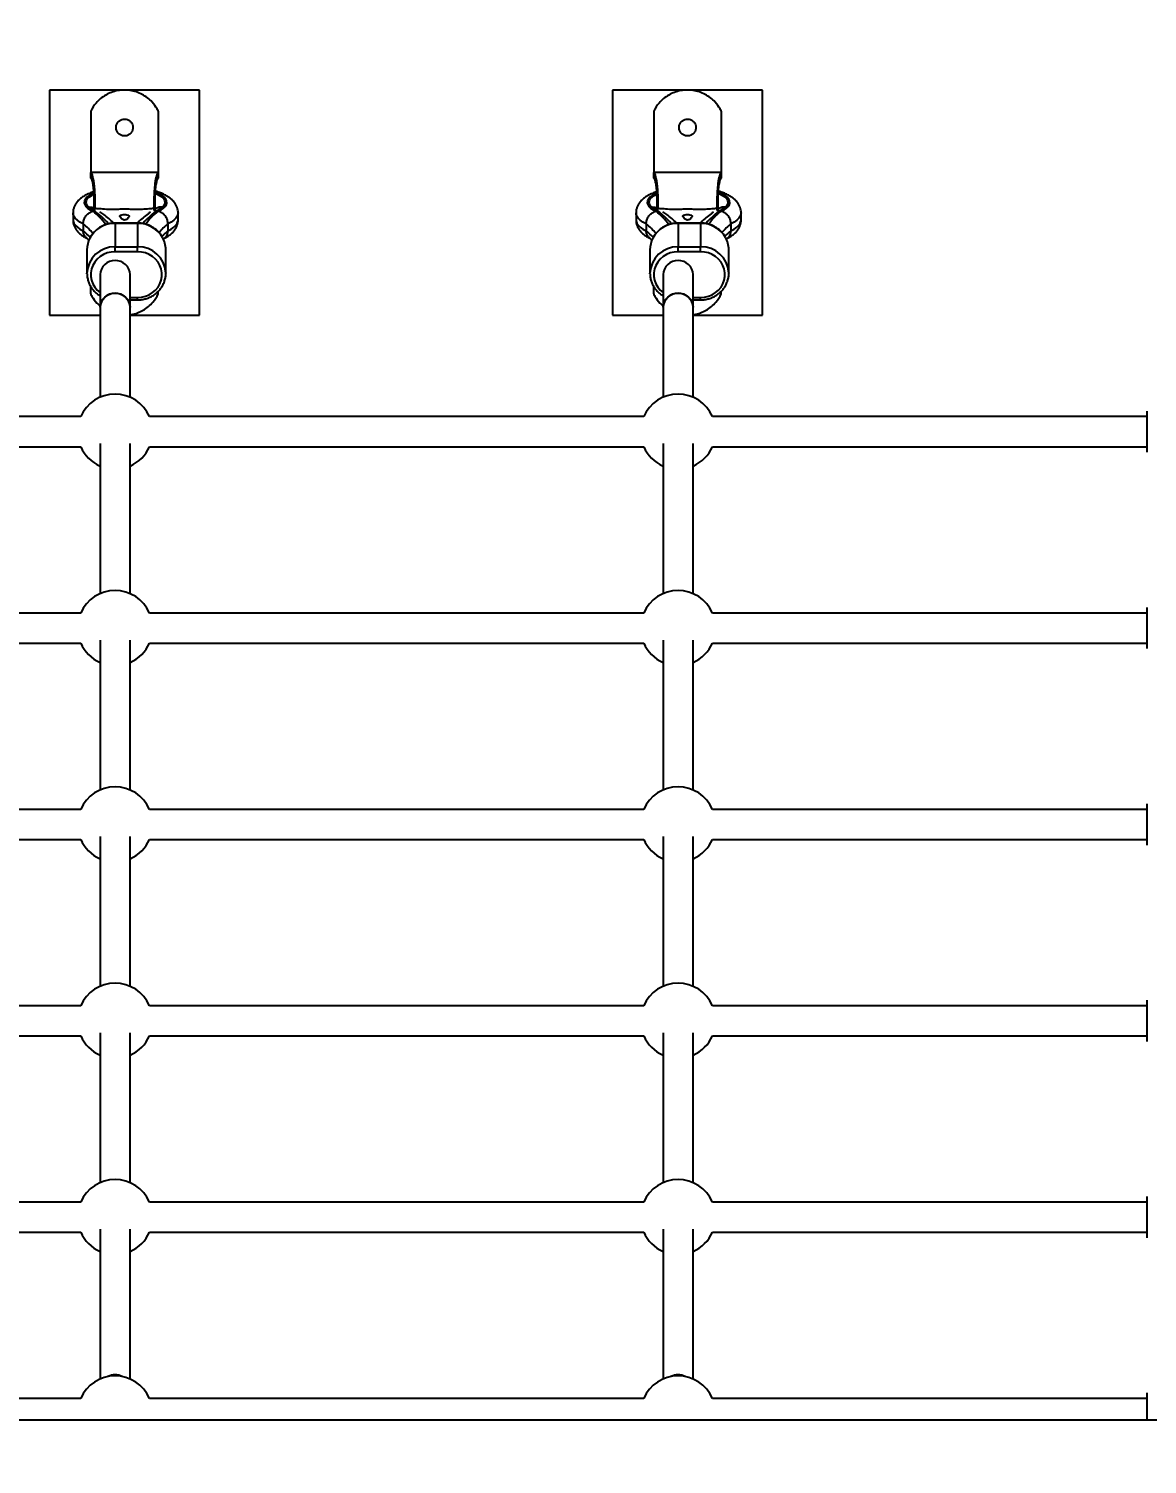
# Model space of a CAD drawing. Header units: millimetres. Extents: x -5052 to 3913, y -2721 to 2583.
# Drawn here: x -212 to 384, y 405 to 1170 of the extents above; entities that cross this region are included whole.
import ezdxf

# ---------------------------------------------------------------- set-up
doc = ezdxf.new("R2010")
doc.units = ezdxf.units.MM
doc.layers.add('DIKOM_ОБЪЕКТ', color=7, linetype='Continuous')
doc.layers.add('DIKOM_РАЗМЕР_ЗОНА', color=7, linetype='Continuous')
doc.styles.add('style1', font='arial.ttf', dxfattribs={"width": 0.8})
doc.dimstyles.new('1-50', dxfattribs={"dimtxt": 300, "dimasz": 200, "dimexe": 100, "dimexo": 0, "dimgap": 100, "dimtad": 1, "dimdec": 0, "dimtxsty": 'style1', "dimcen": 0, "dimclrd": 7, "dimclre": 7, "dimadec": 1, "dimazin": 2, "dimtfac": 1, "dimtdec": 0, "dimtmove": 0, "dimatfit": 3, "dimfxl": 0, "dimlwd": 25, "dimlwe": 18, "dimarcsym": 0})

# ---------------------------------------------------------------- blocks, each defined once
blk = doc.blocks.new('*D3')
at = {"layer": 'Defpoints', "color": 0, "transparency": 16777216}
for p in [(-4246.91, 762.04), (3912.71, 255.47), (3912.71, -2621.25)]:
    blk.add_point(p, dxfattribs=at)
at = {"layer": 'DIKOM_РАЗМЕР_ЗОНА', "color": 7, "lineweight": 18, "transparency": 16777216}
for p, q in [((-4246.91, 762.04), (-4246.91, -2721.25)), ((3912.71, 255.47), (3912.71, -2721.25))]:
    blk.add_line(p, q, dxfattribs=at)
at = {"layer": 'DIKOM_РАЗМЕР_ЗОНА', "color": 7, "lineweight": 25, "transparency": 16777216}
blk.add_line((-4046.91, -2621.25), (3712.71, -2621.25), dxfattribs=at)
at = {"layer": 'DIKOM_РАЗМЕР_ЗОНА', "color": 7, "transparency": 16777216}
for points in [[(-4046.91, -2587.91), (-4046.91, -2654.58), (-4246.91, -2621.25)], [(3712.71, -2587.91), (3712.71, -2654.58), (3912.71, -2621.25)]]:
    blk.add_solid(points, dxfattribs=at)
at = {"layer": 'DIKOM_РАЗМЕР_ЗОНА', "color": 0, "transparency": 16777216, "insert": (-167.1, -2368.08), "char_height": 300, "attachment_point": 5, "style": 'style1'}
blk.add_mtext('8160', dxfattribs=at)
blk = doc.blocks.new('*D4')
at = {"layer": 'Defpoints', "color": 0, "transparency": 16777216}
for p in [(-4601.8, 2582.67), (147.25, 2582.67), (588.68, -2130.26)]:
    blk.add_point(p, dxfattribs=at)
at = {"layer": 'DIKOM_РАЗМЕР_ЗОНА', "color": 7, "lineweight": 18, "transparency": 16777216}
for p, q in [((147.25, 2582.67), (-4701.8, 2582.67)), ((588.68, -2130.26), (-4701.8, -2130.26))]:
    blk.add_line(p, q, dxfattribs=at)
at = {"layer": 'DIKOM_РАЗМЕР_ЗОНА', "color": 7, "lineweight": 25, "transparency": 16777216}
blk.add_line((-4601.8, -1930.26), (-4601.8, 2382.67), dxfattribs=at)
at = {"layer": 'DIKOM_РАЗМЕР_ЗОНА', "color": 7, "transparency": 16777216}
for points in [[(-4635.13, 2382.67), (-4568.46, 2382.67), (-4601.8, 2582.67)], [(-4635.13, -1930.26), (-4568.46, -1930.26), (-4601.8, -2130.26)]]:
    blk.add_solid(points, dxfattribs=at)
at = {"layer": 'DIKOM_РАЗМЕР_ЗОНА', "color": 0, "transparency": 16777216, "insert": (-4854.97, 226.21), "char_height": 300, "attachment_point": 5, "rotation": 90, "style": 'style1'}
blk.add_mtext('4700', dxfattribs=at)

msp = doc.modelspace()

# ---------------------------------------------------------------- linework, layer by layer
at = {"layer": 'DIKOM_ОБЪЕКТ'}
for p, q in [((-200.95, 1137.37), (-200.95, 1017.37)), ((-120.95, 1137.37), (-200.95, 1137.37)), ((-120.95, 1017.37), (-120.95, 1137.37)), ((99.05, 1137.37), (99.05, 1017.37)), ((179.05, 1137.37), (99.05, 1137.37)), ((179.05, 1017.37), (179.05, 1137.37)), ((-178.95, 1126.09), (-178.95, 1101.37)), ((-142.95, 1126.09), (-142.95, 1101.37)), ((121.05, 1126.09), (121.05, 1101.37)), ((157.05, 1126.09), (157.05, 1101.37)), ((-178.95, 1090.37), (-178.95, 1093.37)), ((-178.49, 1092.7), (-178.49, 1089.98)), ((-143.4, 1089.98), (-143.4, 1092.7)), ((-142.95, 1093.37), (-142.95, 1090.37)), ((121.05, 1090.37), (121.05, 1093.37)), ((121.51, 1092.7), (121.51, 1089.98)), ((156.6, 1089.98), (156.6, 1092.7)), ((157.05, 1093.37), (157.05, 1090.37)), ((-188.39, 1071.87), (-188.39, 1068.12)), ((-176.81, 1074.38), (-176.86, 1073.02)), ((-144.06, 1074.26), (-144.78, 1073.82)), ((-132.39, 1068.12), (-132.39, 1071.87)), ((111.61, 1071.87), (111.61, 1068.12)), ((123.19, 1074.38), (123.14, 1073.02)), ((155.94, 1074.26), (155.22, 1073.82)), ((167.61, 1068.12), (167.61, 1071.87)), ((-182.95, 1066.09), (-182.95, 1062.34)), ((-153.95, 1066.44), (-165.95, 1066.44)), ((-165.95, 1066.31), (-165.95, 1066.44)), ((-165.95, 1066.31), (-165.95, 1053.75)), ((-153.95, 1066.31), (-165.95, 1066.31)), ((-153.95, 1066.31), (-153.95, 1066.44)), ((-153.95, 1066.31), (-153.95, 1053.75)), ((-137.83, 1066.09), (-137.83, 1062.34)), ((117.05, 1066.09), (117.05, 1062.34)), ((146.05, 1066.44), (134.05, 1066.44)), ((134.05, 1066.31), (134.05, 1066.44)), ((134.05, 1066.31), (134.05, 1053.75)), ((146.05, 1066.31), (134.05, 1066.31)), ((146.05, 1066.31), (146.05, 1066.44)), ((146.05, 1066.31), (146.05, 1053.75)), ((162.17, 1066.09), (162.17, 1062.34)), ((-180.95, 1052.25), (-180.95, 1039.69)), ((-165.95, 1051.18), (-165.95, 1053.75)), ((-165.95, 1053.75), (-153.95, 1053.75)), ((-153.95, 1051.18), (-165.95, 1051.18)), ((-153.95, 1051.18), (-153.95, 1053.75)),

===

Task instructions - What is needed is an exact copy of every entry, with the pictures removed.

Answer -
# Model space of a CAD drawing. Header units: millimetres. Extents: x -5052 to 3913, y -2721 to 2583.
# Drawn here: x -212 to 384, y 405 to 1170 of the extents above; entities that cross this region are included whole.
import ezdxf

# ---------------------------------------------------------------- set-up
doc = ezdxf.new("R2010")
doc.units = ezdxf.units.MM
doc.layers.add('DIKOM_ОБЪЕКТ', color=7, linetype='Continuous')
doc.layers.add('DIKOM_РАЗМЕР_ЗОНА', color=7, linetype='Continuous')
doc.styles.add('style1', font='arial.ttf', dxfattribs={"width": 0.8})
doc.dimstyles.new('1-50', dxfattribs={"dimtxt": 300, "dimasz": 200, "dimexe": 100, "dimexo": 0, "dimgap": 100, "dimtad": 1, "dimdec": 0, "dimtxsty": 'style1', "dimcen": 0, "dimclrd": 7, "dimclre": 7, "dimadec": 1, "dimazin": 2, "dimtfac": 1, "dimtdec": 0, "dimtmove": 0, "dimatfit": 3, "dimfxl": 0, "dimlwd": 25, "dimlwe": 18, "dimarcsym": 0})

# ---------------------------------------------------------------- blocks, each defined once
blk = doc.blocks.new('*D3')
at = {"layer": 'Defpoints', "color": 0, "transparency": 16777216}
for p in [(-4246.91, 762.04), (3912.71, 255.47), (3912.71, -2621.25)]:
    blk.add_point(p, dxfattribs=at)
at = {"layer": 'DIKOM_РАЗМЕР_ЗОНА', "color": 7, "lineweight": 18, "transparency": 16777216}
for p, q in [((-4246.91, 762.04), (-4246.91, -2721.25)), ((3912.71, 255.47), (3912.71, -2721.25))]:
    blk.add_line(p, q, dxfattribs=at)
at = {"layer": 'DIKOM_РАЗМЕР_ЗОНА', "color": 7, "lineweight": 25, "transparency": 16777216}
blk.add_line((-4046.91, -2621.25), (3712.71, -2621.25), dxfattribs=at)
at = {"layer": 'DIKOM_РАЗМЕР_ЗОНА', "color": 7, "transparency": 16777216}
for points in [[(-4046.91, -2587.91), (-4046.91, -2654.58), (-4246.91, -2621.25)], [(3712.71, -2587.91), (3712.71, -2654.58), (3912.71, -2621.25)]]:
    blk.add_solid(points, dxfattribs=at)
at = {"layer": 'DIKOM_РАЗМЕР_ЗОНА', "color": 0, "transparency": 16777216, "insert": (-167.1, -2368.08), "char_height": 300, "attachment_point": 5, "style": 'style1'}
blk.add_mtext('8160', dxfattribs=at)
blk = doc.blocks.new('*D4')
at = {"layer": 'Defpoints', "color": 0, "transparency": 16777216}
for p in [(-4601.8, 2582.67), (147.25, 2582.67), (588.68, -2130.26)]:
    blk.add_point(p, dxfattribs=at)
at = {"layer": 'DIKOM_РАЗМЕР_ЗОНА', "color": 7, "lineweight": 18, "transparency": 16777216}
for p, q in [((147.25, 2582.67), (-4701.8, 2582.67)), ((588.68, -2130.26), (-4701.8, -2130.26))]:
    blk.add_line(p, q, dxfattribs=at)
at = {"layer": 'DIKOM_РАЗМЕР_ЗОНА', "color": 7, "lineweight": 25, "transparency": 16777216}
blk.add_line((-4601.8, -1930.26), (-4601.8, 2382.67), dxfattribs=at)
at = {"layer": 'DIKOM_РАЗМЕР_ЗОНА', "color": 7, "transparency": 16777216}
for points in [[(-4635.13, 2382.67), (-4568.46, 2382.67), (-4601.8, 2582.67)], [(-4635.13, -1930.26), (-4568.46, -1930.26), (-4601.8, -2130.26)]]:
    blk.add_solid(points, dxfattribs=at)
at = {"layer": 'DIKOM_РАЗМЕР_ЗОНА', "color": 0, "transparency": 16777216, "insert": (-4854.97, 226.21), "char_height": 300, "attachment_point": 5, "rotation": 90, "style": 'style1'}
blk.add_mtext('4700', dxfattribs=at)

msp = doc.modelspace()

# ---------------------------------------------------------------- linework, layer by layer
at = {"layer": 'DIKOM_ОБЪЕКТ'}
for p, q in [((-200.95, 1137.37), (-200.95, 1017.37)), ((-120.95, 1137.37), (-200.95, 1137.37)), ((-120.95, 1017.37), (-120.95, 1137.37)), ((99.05, 1137.37), (99.05, 1017.37)), ((179.05, 1137.37), (99.05, 1137.37)), ((179.05, 1017.37), (179.05, 1137.37)), ((-178.95, 1126.09), (-178.95, 1101.37)), ((-142.95, 1126.09), (-142.95, 1101.37)), ((121.05, 1126.09), (121.05, 1101.37)), ((157.05, 1126.09), (157.05, 1101.37)), ((-178.95, 1090.37), (-178.95, 1093.37)), ((-178.49, 1092.7), (-178.49, 1089.98)), ((-143.4, 1089.98), (-143.4, 1092.7)), ((-142.95, 1093.37), (-142.95, 1090.37)), ((121.05, 1090.37), (121.05, 1093.37)), ((121.51, 1092.7), (121.51, 1089.98)), ((156.6, 1089.98), (156.6, 1092.7)), ((157.05, 1093.37), (157.05, 1090.37)), ((-188.39, 1071.87), (-188.39, 1068.12)), ((-176.81, 1074.38), (-176.86, 1073.02)), ((-144.06, 1074.26), (-144.78, 1073.82)), ((-132.39, 1068.12), (-132.39, 1071.87)), ((111.61, 1071.87), (111.61, 1068.12)), ((123.19, 1074.38), (123.14, 1073.02)), ((155.94, 1074.26), (155.22, 1073.82)), ((167.61, 1068.12), (167.61, 1071.87)), ((-182.95, 1066.09), (-182.95, 1062.34)), ((-153.95, 1066.44), (-165.95, 1066.44)), ((-165.95, 1066.31), (-165.95, 1066.44)), ((-165.95, 1066.31), (-165.95, 1053.75)), ((-153.95, 1066.31), (-165.95, 1066.31)), ((-153.95, 1066.31), (-153.95, 1066.44)), ((-153.95, 1066.31), (-153.95, 1053.75)), ((-137.83, 1066.09), (-137.83, 1062.34)), ((117.05, 1066.09), (117.05, 1062.34)), ((146.05, 1066.44), (134.05, 1066.44)), ((134.05, 1066.31), (134.05, 1066.44)), ((134.05, 1066.31), (134.05, 1053.75)), ((146.05, 1066.31), (134.05, 1066.31)), ((146.05, 1066.31), (146.05, 1066.44)), ((146.05, 1066.31), (146.05, 1053.75)), ((162.17, 1066.09), (162.17, 1062.34)), ((-180.95, 1052.25), (-180.95, 1039.69)), ((-165.95, 1051.18), (-165.95, 1053.75)), ((-165.95, 1053.75), (-153.95, 1053.75)), ((-153.95, 1051.18), (-165.95, 1051.18)), ((-153.95, 1051.18), (-153.95, 1053.75)),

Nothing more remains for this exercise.